The new gold rush – prospecting in techno-trash

You’ve probably heard before that a lot of the Western world’s technological waste, rather than being recycled, gets exported out to poorer countries where the laws are lax enough to allow it. What you may not know is that, thanks to the increasing scarcity of gold and copper, and the abundance of those metals in technology waste, there’s a boom of employment for residents of those countries willing to smash up the junk and pluck out the good parts, as this photo essay documents. The dark side to this recycling is that the unwanted stuff – toxic PCB substrate, for example – seeps into the water supplies. [SlashDot]

Cross-platform metaverse financial exchange announced

The membrane just got thinner. Virtual property mogul (and Second Life’s first Real Life millionaire) Anshe Chung has announced plans to open the first cross-platform financial exchange for virtual worlds, which will enable metaverse users to transfer their virtual finances between different synthetic economies. The inevitability of this announcement does nothing to derail the incredible implications – in a few short years we could have an economic ecosystem that deals entirely with the interchange of virtual goods, yet connected to the economy of meatspace. If that doesn’t tweak your science fiction jones, I dont know what does.

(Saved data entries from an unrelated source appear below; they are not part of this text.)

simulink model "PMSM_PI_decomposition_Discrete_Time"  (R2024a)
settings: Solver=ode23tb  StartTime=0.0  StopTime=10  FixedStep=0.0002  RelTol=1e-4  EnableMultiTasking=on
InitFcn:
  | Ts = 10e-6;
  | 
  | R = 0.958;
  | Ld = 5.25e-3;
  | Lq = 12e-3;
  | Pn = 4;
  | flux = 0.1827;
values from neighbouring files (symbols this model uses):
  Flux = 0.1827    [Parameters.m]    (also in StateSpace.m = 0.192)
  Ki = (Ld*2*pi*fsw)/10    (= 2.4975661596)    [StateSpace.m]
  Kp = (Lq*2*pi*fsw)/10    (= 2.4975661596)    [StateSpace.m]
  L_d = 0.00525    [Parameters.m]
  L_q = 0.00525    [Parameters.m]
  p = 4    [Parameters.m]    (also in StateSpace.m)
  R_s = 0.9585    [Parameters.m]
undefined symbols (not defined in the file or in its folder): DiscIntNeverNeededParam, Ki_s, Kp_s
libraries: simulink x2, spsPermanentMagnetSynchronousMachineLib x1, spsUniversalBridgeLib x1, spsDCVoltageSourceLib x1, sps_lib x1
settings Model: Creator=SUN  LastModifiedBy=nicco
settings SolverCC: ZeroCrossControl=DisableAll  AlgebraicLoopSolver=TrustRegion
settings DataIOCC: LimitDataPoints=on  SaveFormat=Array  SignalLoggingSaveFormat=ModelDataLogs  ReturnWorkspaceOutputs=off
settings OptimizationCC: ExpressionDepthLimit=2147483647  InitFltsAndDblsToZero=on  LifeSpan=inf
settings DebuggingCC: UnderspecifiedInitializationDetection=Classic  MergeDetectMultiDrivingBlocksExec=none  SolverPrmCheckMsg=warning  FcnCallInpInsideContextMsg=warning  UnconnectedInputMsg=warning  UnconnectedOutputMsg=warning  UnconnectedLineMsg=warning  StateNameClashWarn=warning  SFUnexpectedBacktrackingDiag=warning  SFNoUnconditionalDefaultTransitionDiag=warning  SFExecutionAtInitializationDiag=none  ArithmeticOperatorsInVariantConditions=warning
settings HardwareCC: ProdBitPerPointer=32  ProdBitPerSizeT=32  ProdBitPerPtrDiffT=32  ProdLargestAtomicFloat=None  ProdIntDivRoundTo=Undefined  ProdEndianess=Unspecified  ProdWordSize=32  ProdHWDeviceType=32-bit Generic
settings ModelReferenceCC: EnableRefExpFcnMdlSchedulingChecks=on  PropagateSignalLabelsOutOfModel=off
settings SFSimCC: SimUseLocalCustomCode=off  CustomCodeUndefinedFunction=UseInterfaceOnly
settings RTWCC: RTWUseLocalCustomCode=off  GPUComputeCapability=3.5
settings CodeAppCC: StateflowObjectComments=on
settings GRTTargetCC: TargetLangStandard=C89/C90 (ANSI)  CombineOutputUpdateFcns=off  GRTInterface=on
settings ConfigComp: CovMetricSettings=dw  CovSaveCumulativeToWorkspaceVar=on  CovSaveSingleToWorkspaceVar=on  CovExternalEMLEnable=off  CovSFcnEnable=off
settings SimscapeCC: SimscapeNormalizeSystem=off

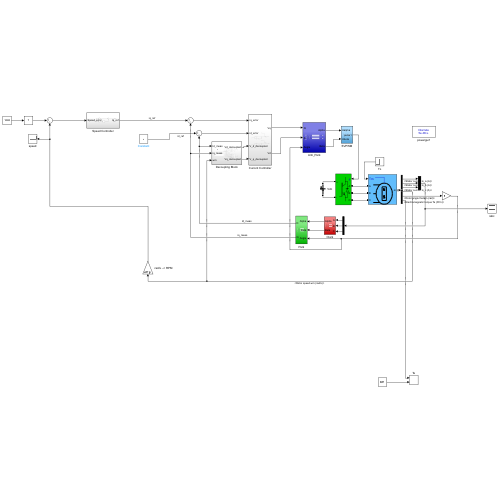
[thumbnail: Simulink's stored preview of the top-level diagram]
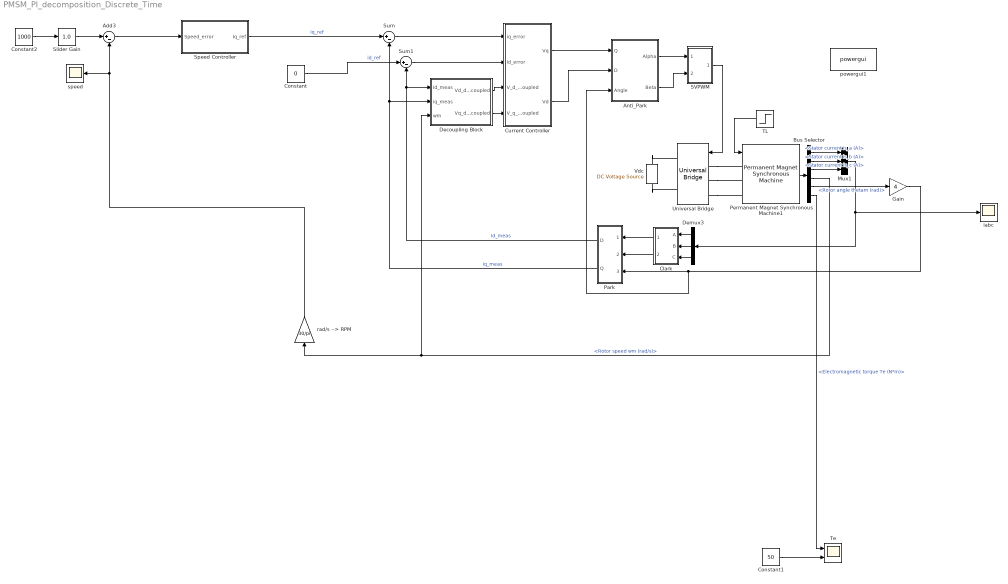
== system PMSM_PI_decomposition_Discrete_Time ==
  Add3 : Sum  Inputs=|+-
  Anti_Park : Subsystem
  Bus Selector : BusSelector  OutputSignals=Stator current is_a (A),Stator current is_b (A),Stator current is_c (A),Rotor speed wm (rad/s),Rotor angle thetam (rad),Electromagnetic torque Te (N*m)
  Clark : Subsystem
  Constant : Constant  Value=0
  Constant1 : Constant  Value=50
  Constant2 : Constant  Value=1000
  Current Controller : Subsystem
  Decoupling Block : Subsystem
  Demux3 : Demux  Outputs=3
  Gain : Gain  Gain=4
  Mux1 : Mux  Inputs=3
  Park : Subsystem
  Permanent Magnet Synchronous Machine1 : spsPermanentMagnetSynchronousMachineLib/Permanent Magnet Synchronous Machine  NbPhases=3  FluxDistribution=Sinusoidal  RotorType=Salient-pole  MechanicalLoad=Torque Tm  PresetModel=No  ShowDetailedParameters=on  MeasurementBus=off  Resistance=R_s  Inductance=8.5e-3  dqInductances=[L_d L_q]  La=L_d  MachineConstant=Flux linkage established by magnets (V.s)  Flux=Flux  VoltageCst=132.5525  TorqueCst=1.0962  Flat=120  Mechanical=[0.003 0.008 p]  PolePairs=3  InitialConditions=[0,0, 0,0]  InitialConditions5ph=[0 0 0 0 0 0]  RefAngle=Aligned with phase A axis (original Park)  IterativeDiscreteModel=Trapezoidal non iterative  TsBlock=-1  TsPowergui=0
  SVPWM : Subsystem
  Slider Gain : simulink/Math Operations/Slider Gain  gain=1.0  low=0  high=2
  Speed Controller : Subsystem
  Sum : Sum  Inputs=|+-
  Sum1 : Sum  Inputs=|+-
  TL : Step  Time=0.2  After=0  SampleTime=0
  Te : Scope  NumInputPorts=2
  Universal Bridge : spsUniversalBridgeLib/Universal Bridge  Arms=3  SnubberResistance=1e5  SnubberCapacitance=inf  Device=IGBT / Diodes  Ron=1e-3  Lon=0  ForwardVoltages="[  0  0  ]"  ForwardVoltage=0  GTOparameters=[ 10e-6 , 20e-6 ]  IGBTparameters=[ 1e-6 , 2e-6 ]  Measurements=None  Measurements_2=None  converterType=Rectifier
  Vdc : spsDCVoltageSourceLib/DC Voltage Source  Amplitude=600  Measurements=None
  iabc : Scope
  powergui1 : sps_lib/powergui  Priority=1  SimulationMode=Discrete  SampleTime=5e-6  frequency=60  Iterations=50  frequencyindice=0  Pbase=100e6  ErrMax=1e-4  UnitsV=kV  UnitsW=MW  buscounter=0  FunctionMessages=off  echomessages=off  EnableUseOfTLC=off  CurrentSourceSwitches=off  DisableSnubberDevices=off  DisableRonSwitches=off  DisableVfSwitches=off  DisplayEquations=off  AutomaticDiscreteSolvers=off  SolverType=Tustin/Backward Euler (TBE)  Interpol=off  ExternalGateDelay=off  methode=off  Ts=100  x0status=blocks  SPID=on  SwTol=0  HookPort=off  NonlinearTolerance=1e-4  nMaxIteration=100  ContinueOnMaxIteration=off  RestoreLinks=warning  ResistiveCurrentMeasurement=off  Frange=[0:2:500]  Ylog=off  Xlog=on  ShowGrid=off  save=off  variable=ZData  structure=0  ZoomFFT=off  StartTime=0.0  cycles=1  DisplayStyle=1  fundamental=60  FreqAxis=off  MaxFrequency=1000  frequencyindicesteady=1  RmsSteady=1  display=off
  rad/s --> RPM : Gain  Gain=30/pi
  speed : Scope
  wires:
  TL/1 -> Permanent Magnet Synchronous Machine1/1
  Gain/1 -> Park/3(Angle), Anti_Park/3(Angle)
  Anti_Park/1(Alpha) -> SVPWM/1(Ualpha)
  Demux3/1 -> Clark/1(A)
  Anti_Park/2(Beta) -> SVPWM/2(Ubeta)
  Demux3/2 -> Clark/2(B)
  Demux3/3 -> Clark/3(C)
  Clark/1(Alpha) -> Park/1(Alpha)
  Clark/2(Beta) -> Park/2(Beta)
  Bus Selector/3 -> Mux1/3  "<Stator current is_c (A)>"
  Bus Selector/2 -> Mux1/2  "<Stator current is_b (A)>"
  Bus Selector/1 -> Mux1/1  "<Stator current is_a (A)>"
  Mux1/1 -> iabc/1, Demux3/1
  Permanent Magnet Synchronous Machine1/1 -> Bus Selector/1
  Bus Selector/5 -> Gain/1  "<Rotor angle thetam (rad)>"
  Bus Selector/6 -> Te/1  "<Electromagnetic torque Te (N*m)>"
  SVPWM/1(pulse1) -> Universal Bridge/1
  Constant/1 -> Sum1/1  "id_ref"
  Sum/1 -> Current Controller/1(iq_error)
  Park/2(Q) -> Sum/2, Decoupling Block/2(iq_meas)  "iq_meas"
  Decoupling Block/2(Vq_decoupled) -> Current Controller/4(V_q_decoupled)
  Park/1(D) -> Sum1/2, Decoupling Block/1(Id_meas)  "Id_meas"
  Sum1/1 -> Current Controller/2(id_error)
  Decoupling Block/1(Vd_decoupled) -> Current Controller/3(V_d_decoupled)
  Bus Selector/4 -> Decoupling Block/3(wm), rad/s --> RPM/1  "<Rotor speed wm (rad/s)>"
  Current Controller/2(Vd) -> Anti_Park/2(D)
  Current Controller/1(Vq) -> Anti_Park/1(Q)
  Slider Gain/1 -> Add3/1
  rad/s --> RPM/1 -> Add3/2, speed/1
  Constant1/1 -> Te/2
  Speed Controller/1(Iq_ref) -> Sum/1  "iq_ref"
  Add3/1 -> Speed Controller/1(Speed_error)
  Constant2/1 -> Slider Gain/1
  connections:
  Universal Bridge/LConn1 -- Permanent Magnet Synchronous Machine1/LConn1
  Universal Bridge/LConn2 -- Permanent Magnet Synchronous Machine1/LConn2
  Universal Bridge/LConn3 -- Permanent Magnet Synchronous Machine1/LConn3
  Vdc/RConn1 -- Universal Bridge/RConn1
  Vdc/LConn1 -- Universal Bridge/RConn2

The real SimCity – modelling urban crowd behaviour

Civic planning is a tough gig, because your ability to experiment with new ideas is limited – you can’t just knock down a housing estate to see how it changes the traffic flow, for instance. Which makes it an obvious market for computer modelling, with a team at Arizona State developing sophisticated simulations of human crowd behaviour to help planners and architects make cities safer and more efficient. Which is all well and good, I suppose – but will it lead to the increased homogenisation of urban spaces? And how will they factor in the ways that people change the use of objects and spaces over long periods of time? And how much more complicated do these simulations have to become before turning them off becomes a question of ethics?